Wednesday, 6 December 2006

Timmy on Teaching

Picked up this excellent post by Tim Worstall on the plan to raise the school-leaving age to 18.

Gosh, what an excellent idea:

Teenagers should be forced by law to stay in school or training up to the age of 18, the review of skills ordered by Gordon Brown said yesterday.

More than one in six young people leave school unable to read, write and add up properly and the proportion of 16- year-olds staying on in full time education in the UK is below the average for developed countries, it said.

After 11 years of compulsory State education 17% have learnt nothing. So we'll insist that they have another two years where they'll also learn nothing. Great, good thinking Batman.

Why not be sensible and get the readin', 'ritin' and 'rithmetic stuff done a little earlier? You know, in years one through five of the education process?

Not only will they not learn anything more, but the teenagers forced to stay at school after 16 will also destroy the traditional atmosphere of the A Level (if it still exists). It was a space where the teachers could actually teach, to people who had made a positive choice to learn that subject, and was therefore a place and time where you could really grow up. That will all be wrecked if teenagers who have their GCSEs and want to go and do something else are forced to stay in the classroom. Anyone who wants to stay can - and that is how it should be, given that we treat 16 year olds as adults in other areas. Sex, for example.

The argument is, as it usually is, that people who leave at 16 earn less than people who don't. Fair enough. But they leave school because they are not academic, have been taught badly, or are otherwise demotivated, and have reached an age where society allows them increasing control over their lives. Why remove that right to get work or to start training? To look for something you really want to do? People who leave school at 16 and join the right trade or industry can make moves quickly and build up a stock of experience that graduates of 21 just can't catch up on.

The answer is probably to broaden the provision of training schemes and technical education post 16 (post 14 in fact), and to do away, once and for all, with the garbage that getting any degree is automatically better than not. Employers are already finding that many of the graduates they're getting are not "fit for purpose", but we have such a snobbery in this country towards real vocational or technical training that we see academic study as the be all and end all. I'm not arguing for the creation of another proletariat, to serve the material needs of the bourgeoisie - the opportunities for education in academic areas already exist. The opportunities for other kinds of education are limited. 16 year olds at work could be supervised, assessed, ooh, I don't know, "apprenticed", even; they could be given the opportunity to return to school if they change their minds, or study for A Levels later on: there is a whole raft of ways of making the choices of 16 years olds more relevant to them and to society without making them sit A Levels in subjects they don't want to do, in places they don't want to be.

I like the comment too:

"Why not be sensible and get the readin', 'ritin' and 'rithmetic stuff done a little earlier? You know, in years one through five of the education process?"
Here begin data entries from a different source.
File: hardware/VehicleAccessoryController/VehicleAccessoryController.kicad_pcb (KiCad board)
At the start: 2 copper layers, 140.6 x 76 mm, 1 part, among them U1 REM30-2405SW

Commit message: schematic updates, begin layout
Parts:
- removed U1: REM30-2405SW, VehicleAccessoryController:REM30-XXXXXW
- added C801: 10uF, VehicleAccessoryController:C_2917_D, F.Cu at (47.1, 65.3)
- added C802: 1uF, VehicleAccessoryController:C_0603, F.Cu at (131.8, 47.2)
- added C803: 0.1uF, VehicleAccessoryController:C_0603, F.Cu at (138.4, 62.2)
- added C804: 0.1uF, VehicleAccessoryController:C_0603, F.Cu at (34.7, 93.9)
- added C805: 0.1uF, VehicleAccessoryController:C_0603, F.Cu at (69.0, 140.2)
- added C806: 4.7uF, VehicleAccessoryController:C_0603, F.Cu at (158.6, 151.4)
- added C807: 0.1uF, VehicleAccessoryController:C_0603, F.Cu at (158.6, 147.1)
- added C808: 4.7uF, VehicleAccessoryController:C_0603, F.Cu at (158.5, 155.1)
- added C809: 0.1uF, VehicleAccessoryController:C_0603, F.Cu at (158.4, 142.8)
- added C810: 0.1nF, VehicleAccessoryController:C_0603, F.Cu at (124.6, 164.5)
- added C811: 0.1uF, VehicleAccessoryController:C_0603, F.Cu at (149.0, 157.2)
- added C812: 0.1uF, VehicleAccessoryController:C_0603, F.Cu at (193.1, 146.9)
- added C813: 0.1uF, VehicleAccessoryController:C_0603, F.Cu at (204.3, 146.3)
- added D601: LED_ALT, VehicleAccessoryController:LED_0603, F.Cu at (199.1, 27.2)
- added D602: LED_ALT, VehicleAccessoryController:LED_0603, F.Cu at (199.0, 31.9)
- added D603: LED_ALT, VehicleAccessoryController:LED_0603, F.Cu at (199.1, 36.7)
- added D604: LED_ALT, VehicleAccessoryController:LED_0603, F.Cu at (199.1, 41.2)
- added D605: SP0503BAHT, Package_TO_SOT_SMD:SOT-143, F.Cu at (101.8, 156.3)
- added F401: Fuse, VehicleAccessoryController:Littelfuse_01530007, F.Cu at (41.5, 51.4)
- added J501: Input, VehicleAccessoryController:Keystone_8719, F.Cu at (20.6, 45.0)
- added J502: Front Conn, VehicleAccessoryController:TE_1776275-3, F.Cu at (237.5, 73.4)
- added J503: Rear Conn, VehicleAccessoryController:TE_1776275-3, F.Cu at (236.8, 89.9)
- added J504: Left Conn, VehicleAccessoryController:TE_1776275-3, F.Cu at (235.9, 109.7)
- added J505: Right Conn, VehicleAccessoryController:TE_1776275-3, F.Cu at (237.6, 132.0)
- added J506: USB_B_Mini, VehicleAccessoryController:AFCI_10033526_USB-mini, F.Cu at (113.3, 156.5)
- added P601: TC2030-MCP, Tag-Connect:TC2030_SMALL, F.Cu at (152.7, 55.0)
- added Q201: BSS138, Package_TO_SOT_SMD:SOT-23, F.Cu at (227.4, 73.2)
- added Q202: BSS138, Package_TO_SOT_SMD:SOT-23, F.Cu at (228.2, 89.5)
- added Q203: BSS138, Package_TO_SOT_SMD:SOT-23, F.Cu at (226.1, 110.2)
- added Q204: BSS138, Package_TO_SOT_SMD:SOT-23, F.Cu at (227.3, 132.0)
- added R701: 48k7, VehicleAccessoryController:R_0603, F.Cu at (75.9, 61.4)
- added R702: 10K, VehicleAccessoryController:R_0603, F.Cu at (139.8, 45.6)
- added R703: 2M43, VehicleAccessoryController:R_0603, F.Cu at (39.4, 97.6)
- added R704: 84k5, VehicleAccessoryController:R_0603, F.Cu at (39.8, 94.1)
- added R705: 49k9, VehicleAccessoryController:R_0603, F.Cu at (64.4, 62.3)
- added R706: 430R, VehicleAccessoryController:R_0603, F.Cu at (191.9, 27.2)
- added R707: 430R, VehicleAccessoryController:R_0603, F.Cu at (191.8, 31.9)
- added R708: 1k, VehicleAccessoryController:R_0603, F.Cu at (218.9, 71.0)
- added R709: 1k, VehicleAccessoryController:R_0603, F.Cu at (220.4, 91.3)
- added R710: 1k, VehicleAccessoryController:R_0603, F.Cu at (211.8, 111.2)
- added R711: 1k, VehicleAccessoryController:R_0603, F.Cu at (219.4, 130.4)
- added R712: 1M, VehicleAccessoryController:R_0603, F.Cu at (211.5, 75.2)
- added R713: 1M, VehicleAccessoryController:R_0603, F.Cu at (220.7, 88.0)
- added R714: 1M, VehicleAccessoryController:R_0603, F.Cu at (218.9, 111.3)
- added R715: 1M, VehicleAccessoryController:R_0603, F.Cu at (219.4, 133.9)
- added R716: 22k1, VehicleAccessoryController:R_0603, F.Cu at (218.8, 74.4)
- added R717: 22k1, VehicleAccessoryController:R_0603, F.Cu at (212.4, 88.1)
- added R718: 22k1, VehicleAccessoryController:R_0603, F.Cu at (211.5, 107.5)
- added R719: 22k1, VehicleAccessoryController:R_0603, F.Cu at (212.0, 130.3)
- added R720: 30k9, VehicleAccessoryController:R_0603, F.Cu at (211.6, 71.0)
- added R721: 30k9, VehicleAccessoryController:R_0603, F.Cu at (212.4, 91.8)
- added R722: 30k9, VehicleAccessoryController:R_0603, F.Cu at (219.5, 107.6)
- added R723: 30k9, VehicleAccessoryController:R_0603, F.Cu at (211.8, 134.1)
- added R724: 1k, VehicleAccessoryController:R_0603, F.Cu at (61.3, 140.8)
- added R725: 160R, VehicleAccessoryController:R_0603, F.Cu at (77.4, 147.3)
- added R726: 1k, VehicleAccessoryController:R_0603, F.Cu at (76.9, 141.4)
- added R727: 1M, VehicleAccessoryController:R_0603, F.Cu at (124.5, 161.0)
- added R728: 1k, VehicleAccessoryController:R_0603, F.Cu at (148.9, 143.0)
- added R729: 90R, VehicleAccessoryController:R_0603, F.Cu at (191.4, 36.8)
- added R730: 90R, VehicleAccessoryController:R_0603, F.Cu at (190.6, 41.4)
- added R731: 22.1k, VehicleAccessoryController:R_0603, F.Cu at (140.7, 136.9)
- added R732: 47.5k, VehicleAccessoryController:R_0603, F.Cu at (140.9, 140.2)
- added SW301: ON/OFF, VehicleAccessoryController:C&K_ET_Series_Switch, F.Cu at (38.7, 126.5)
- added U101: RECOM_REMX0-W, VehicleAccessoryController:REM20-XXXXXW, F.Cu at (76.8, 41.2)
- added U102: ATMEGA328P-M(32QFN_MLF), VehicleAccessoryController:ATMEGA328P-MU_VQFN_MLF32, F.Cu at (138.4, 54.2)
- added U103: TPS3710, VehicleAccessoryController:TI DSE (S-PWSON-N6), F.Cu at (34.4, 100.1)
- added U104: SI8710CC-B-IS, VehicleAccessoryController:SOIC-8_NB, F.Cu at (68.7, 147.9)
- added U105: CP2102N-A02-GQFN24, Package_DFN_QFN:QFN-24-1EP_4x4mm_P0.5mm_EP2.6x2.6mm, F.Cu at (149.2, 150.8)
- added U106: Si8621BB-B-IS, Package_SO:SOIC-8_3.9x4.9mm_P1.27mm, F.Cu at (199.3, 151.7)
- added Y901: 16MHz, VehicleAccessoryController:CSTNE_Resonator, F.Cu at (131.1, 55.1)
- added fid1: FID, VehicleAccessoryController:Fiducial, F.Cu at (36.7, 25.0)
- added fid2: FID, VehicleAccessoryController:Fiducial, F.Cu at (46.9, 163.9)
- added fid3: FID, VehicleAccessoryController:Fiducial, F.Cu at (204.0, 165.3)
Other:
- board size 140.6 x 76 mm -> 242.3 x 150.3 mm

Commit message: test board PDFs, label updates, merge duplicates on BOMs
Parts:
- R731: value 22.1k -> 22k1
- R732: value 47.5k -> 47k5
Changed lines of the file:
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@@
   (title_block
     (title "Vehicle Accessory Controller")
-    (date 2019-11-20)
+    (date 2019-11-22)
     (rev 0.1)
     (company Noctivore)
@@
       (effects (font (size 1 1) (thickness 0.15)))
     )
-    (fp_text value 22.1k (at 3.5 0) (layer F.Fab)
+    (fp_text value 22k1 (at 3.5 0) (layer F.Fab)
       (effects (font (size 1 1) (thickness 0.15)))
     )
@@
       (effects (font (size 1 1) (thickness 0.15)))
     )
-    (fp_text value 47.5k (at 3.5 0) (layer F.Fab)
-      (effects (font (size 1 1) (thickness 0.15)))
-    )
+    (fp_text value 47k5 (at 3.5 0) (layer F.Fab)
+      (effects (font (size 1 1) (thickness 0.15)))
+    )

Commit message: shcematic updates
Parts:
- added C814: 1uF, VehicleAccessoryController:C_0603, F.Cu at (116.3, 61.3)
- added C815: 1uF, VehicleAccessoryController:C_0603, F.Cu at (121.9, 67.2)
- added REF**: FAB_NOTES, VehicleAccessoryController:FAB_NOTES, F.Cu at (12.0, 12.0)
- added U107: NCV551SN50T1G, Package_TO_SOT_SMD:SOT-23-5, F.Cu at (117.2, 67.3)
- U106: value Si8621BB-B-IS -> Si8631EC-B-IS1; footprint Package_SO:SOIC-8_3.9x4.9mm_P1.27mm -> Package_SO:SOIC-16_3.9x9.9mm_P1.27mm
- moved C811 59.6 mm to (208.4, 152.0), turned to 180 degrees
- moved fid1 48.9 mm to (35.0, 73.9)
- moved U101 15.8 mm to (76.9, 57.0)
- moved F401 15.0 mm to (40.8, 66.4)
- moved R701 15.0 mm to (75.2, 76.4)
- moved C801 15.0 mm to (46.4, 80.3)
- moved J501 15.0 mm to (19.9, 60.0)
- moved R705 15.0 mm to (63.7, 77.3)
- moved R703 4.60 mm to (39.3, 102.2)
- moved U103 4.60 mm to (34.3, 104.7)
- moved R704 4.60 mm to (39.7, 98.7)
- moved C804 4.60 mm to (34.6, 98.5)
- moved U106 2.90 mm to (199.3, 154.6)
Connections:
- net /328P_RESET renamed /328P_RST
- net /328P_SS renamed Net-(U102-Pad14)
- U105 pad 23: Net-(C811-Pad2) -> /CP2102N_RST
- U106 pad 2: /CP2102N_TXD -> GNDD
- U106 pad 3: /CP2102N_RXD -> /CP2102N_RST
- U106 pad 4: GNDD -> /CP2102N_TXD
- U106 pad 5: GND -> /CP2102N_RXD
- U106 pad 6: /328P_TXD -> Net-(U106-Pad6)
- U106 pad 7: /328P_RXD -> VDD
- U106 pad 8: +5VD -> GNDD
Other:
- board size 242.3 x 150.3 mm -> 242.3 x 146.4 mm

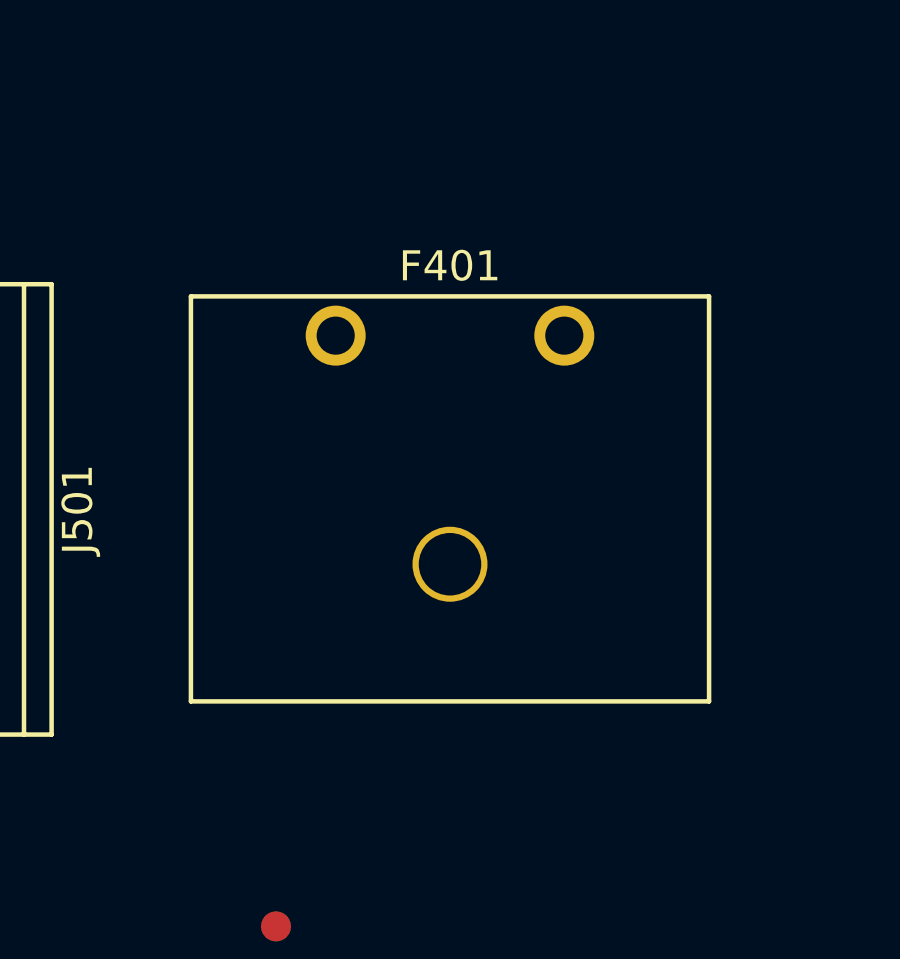
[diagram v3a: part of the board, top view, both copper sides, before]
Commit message: correct fuse holder, ACC pull-up, BOM Accessories, create firmware dir
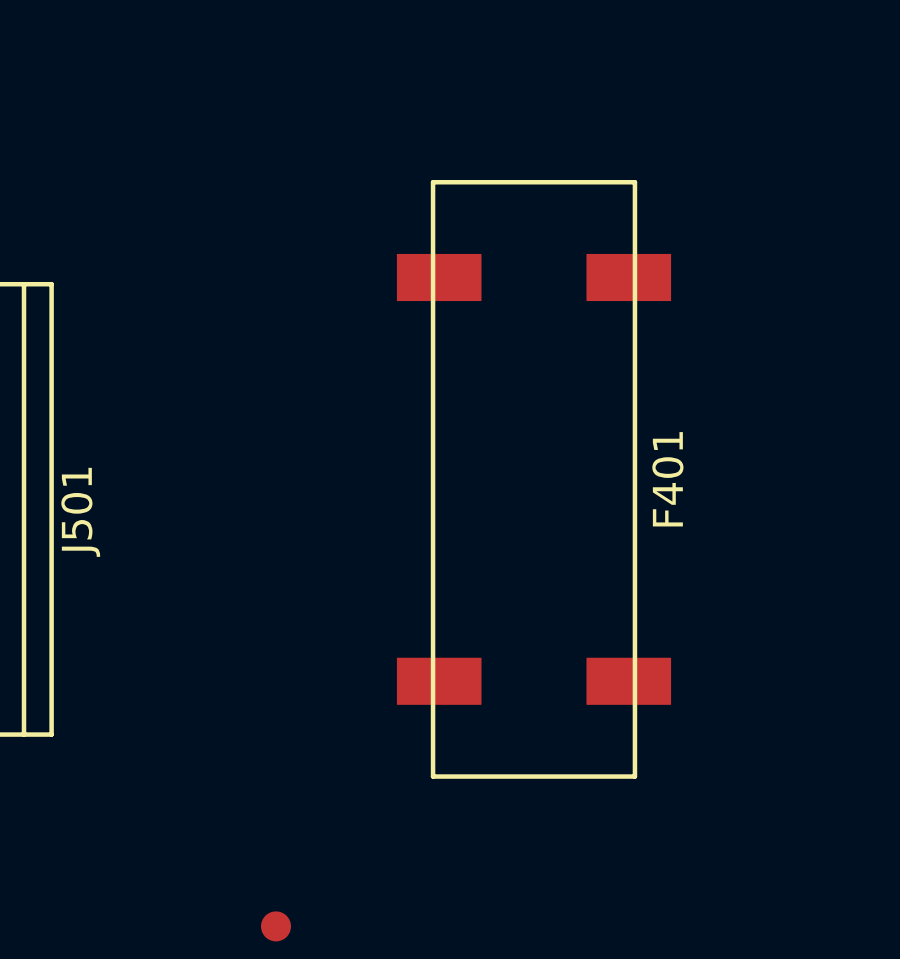
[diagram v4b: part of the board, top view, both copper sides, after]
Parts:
- F401: footprint VehicleAccessoryController:Littelfuse_01530007 -> VehicleAccessoryController:Keystone_3587
- moved F401 7.91 mm to (43.6, 59.0), turned to 270 degrees
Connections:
- R725 pad 2: Net-(R725-Pad2) -> /ACC_OUT
- R726 pad 2: /ACC -> /ACC_OUT
- U104 pad 6: Net-(R725-Pad2) -> /ACC_OUT

If you do that then when the hell are you going to fit the brainwashing in? There's anti-globalisation, anti-racism, global warming and class warfare to be to be peddled first. Best do that at a young age and let the less important stuff like literacy and numeracy wait for later. Come to think of it, do we really want a population that's articulate and that can think for itself? I don't think so!

This might sound like right-wing paranoia, but there is more than a grain of truth in it. Quite apart from the new "Science as Green Propaganda" GCSE, the primary science curriculum is promoted on PGCE courses, as I've pointed out before, precisely to indoctrinate children; the geography curriculum is seen by a significant proportion of academics (ie the ones who designed it) as a way of changing the world; and the history curriculum is currently under assault from special interest groups, who all want a slice of what they regard as a political subject.